Though everything we see on stage is from the transcript of the Inquiry itself (even down to the characters' hesitations and overlapping speech), he has necessarily used his own judgement as to what bits we should see. He does an admirable job of presenting the events from several angles by letting us hear the testimony of the soldiers who shot some of the victims, their superiors, Bernadette McAliskey who was a Catholic MP at the time, an IRA quartermaster, a bishop and first-aider who witnessed the shootings, and a surviving victim. This means however that other evidence - including that of forensic scientists, intelligence officers, the 1555 written testimonies and the damning account given by Soldier 027 of the actions of his colleagues that kicked off this second Inquiry - necessarily had to be omitted. This performance, valid though it is, should be viewed as a small part of a much wider picture.

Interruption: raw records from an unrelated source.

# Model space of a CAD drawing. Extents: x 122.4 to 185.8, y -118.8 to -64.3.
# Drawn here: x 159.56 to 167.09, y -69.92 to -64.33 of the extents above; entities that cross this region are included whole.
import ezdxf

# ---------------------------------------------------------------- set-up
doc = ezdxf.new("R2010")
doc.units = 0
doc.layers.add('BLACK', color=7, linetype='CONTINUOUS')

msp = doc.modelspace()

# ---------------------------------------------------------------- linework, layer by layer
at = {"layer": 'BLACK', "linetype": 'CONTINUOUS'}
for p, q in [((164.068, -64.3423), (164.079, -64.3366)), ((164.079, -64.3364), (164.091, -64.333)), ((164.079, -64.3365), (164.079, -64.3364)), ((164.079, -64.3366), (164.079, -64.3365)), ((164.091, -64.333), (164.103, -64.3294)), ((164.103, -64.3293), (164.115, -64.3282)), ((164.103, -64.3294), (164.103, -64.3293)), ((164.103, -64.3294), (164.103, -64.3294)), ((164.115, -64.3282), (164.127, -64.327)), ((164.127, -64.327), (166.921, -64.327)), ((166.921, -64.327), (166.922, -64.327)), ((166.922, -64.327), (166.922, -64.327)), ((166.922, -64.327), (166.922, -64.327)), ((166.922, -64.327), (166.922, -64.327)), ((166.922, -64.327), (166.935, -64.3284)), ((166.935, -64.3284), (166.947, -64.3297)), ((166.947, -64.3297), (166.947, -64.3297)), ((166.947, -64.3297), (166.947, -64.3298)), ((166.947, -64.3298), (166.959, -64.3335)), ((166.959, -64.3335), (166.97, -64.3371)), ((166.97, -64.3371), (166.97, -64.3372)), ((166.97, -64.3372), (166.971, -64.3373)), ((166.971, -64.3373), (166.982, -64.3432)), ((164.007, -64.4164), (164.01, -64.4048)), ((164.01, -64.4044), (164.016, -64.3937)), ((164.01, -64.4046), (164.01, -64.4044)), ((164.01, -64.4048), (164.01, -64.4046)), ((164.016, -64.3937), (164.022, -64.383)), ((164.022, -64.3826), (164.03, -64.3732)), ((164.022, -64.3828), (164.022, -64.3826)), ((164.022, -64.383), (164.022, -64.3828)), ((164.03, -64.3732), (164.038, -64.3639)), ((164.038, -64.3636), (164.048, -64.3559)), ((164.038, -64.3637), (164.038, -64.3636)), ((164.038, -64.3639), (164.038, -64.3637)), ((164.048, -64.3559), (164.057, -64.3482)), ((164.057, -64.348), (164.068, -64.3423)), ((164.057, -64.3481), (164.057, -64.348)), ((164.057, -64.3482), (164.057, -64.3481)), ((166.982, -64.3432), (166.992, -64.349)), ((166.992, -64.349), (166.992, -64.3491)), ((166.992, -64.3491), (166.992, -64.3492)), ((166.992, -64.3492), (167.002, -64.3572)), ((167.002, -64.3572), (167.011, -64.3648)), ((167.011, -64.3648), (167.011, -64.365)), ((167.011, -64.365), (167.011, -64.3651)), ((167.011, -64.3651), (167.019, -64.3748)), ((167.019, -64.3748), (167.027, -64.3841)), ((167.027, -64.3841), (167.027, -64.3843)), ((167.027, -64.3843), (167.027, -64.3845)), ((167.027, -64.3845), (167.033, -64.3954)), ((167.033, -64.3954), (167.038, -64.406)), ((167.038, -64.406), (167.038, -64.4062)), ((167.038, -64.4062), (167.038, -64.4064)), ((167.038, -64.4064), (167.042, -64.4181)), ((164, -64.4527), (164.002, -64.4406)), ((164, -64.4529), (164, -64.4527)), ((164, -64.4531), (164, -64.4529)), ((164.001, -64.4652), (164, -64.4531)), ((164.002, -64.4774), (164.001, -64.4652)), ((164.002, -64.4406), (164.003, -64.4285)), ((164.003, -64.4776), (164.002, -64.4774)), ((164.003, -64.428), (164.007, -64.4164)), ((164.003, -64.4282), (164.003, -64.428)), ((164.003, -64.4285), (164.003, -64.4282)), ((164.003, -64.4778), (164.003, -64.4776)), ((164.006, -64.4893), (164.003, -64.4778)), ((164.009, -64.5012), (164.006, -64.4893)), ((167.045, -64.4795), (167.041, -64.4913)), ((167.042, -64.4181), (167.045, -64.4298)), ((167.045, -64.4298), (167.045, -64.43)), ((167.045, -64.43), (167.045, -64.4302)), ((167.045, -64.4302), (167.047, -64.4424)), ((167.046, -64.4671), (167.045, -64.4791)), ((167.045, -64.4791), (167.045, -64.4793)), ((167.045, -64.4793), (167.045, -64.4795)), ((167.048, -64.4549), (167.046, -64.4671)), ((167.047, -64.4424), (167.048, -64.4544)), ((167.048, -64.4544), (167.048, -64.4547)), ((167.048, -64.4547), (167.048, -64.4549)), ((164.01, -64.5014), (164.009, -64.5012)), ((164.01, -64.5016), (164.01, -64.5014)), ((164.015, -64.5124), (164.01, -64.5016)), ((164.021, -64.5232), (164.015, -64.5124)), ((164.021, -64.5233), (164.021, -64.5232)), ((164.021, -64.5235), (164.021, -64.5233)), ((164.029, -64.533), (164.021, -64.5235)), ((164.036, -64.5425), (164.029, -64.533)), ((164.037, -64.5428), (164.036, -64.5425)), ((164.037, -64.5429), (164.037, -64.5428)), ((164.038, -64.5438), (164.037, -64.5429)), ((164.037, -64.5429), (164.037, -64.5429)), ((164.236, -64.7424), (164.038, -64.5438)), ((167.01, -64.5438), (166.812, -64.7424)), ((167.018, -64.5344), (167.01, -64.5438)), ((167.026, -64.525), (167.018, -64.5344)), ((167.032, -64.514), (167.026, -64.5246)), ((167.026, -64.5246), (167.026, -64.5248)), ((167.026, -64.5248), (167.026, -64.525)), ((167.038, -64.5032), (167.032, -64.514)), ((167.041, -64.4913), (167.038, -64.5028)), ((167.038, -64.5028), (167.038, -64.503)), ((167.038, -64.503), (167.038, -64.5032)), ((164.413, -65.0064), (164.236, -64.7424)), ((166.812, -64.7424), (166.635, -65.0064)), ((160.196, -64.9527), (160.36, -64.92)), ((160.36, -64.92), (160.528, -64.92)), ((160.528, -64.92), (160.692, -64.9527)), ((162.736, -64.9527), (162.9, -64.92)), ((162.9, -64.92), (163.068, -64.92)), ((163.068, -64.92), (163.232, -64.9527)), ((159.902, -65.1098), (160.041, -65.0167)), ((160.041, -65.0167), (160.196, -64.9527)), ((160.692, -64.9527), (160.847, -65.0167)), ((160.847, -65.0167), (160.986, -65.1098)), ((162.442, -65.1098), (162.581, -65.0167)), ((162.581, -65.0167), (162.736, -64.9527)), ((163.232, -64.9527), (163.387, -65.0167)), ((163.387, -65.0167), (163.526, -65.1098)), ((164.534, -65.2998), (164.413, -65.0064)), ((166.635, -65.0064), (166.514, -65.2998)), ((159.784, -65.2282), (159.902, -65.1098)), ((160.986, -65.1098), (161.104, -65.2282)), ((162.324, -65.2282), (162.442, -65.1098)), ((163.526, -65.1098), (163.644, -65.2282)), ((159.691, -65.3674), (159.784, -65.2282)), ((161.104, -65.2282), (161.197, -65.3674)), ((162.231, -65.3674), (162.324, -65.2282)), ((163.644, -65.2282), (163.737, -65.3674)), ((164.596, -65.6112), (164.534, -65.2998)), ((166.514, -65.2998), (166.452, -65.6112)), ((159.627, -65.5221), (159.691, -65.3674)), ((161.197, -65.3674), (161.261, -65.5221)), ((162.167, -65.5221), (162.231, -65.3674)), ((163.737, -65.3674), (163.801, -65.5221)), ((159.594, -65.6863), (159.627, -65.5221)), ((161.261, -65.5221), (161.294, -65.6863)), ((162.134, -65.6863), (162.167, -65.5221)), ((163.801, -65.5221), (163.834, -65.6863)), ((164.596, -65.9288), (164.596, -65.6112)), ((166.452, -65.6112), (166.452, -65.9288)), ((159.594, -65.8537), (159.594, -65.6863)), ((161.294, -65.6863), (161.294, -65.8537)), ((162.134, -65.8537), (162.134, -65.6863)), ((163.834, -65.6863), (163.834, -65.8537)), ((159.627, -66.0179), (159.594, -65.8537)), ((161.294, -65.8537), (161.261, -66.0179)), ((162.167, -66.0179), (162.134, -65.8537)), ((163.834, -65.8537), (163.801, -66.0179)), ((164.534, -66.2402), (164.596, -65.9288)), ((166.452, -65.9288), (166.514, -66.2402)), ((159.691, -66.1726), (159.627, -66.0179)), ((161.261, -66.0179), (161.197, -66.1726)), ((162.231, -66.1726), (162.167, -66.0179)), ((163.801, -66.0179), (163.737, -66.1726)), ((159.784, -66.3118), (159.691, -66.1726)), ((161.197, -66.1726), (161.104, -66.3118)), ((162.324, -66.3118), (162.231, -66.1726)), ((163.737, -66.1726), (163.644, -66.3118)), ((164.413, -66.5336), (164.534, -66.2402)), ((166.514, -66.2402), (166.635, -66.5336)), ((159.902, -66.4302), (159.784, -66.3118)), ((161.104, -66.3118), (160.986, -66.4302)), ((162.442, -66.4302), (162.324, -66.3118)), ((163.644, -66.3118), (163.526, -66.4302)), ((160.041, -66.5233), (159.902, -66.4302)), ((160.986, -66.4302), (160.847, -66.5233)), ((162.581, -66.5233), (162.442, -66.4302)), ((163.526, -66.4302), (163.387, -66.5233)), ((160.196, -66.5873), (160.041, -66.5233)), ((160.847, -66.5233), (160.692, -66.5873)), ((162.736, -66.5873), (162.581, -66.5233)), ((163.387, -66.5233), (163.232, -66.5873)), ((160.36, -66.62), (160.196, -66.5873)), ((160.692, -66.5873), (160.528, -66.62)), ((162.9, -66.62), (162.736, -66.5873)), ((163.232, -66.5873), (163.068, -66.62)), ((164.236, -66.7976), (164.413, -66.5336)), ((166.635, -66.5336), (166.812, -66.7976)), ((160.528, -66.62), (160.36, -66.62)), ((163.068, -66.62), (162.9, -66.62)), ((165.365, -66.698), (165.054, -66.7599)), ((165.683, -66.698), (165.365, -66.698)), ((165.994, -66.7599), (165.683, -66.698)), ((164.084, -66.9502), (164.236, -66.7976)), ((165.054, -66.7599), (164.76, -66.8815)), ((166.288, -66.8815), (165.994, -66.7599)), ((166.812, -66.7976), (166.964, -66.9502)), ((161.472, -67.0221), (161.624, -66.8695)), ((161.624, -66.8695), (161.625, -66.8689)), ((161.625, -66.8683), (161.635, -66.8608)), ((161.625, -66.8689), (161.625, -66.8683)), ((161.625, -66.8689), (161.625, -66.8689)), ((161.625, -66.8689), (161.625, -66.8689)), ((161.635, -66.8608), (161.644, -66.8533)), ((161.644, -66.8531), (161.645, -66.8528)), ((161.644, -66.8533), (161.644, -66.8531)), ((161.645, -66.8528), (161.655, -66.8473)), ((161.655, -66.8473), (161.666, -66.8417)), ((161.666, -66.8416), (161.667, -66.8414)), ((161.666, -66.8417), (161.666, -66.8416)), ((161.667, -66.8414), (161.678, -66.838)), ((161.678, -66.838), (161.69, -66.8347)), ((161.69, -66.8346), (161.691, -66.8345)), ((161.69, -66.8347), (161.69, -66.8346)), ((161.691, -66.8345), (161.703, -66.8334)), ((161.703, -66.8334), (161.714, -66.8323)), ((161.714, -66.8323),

The key questions that need an answer include: whether the soldiers were fired on first, whether the IRA were active on the day, whether the victims were involved in any violence, or whether it was part of a deliberate government policy to bring the nationalist community into line.

Though there are obvious drawbacks to having an inquiry thirty years after the event (notably people's failing memories, whether real or conveniently induced), the distance has in some ways served to prick the conscience of many and, with the exception of some senior army members, the witnesses from all sides seemed prepared to reveal truth: a soldier said his evidence had been doctored by the Military Police in order to present the army in a better light, the IRA quartermaster confirmed that he had fired a weapon at the army (though it had jammed), an eyewitness said that an unarmed man was shot and killed, despite clearly waving a white handkerchief. The performance clarified that the Inquiry has its hands full in trying to make sense of it all and presumably explains why the report has still not been issued.

Claire Spooner's set, with its interactive computer monitors, imposing desks and copious box-files was not only authentic, but also gave the impression of being cluttered and oppressive, which the enquiry must surely have been at times. The up-to-date technology served to separate it in time from the earlier Widgery enquiry, later largely dismissed as a whitewash.

The whole play was a challenge for the cast, many of whom had only short speeches and had to sit quietly for the rest of the time, again mirroring the real thing. Sorcha Cusack gave an assured performance as Bernadette McAliskey, former MP for the area. She was a reluctant witness and said so, believing the Inquiry was ineffective and the whole issue was a matter for the International Court of Justice at the Hague. However, she appeared strangely vulnerable too, when describing the sheer terror she experienced on the day.

The combative style of Michael Mansfield Q.C. (Terrence Hardiman,) who represented the victims' families to the best of his considerable abilities, contrasted with the measured but no less assertive style of Christopher Clarke (Thomas Wheatley), the Inquiry's counsel who had all the appearance of a dog with a bone that he was not going to let go.

The Army comes off worst of all. At best those represented appear incompetent and arrogant. At worst, gung-ho soldiers who were spoiling for a fight. The senior officers all speak with received pronunciation, all of which adds to the general alienation and sense of mistrust.

Nicholas Kent's direction made the sometimes weighty facts accessible and the two and a half hours flew by as all the different sides fill in the picture of what went on. Morally, it can be questioned as to whether it is right to present something like this publicly before the official report has come out. But without a clear idea of when this might be, at least Kent and his team are keeping the issue in the public eye.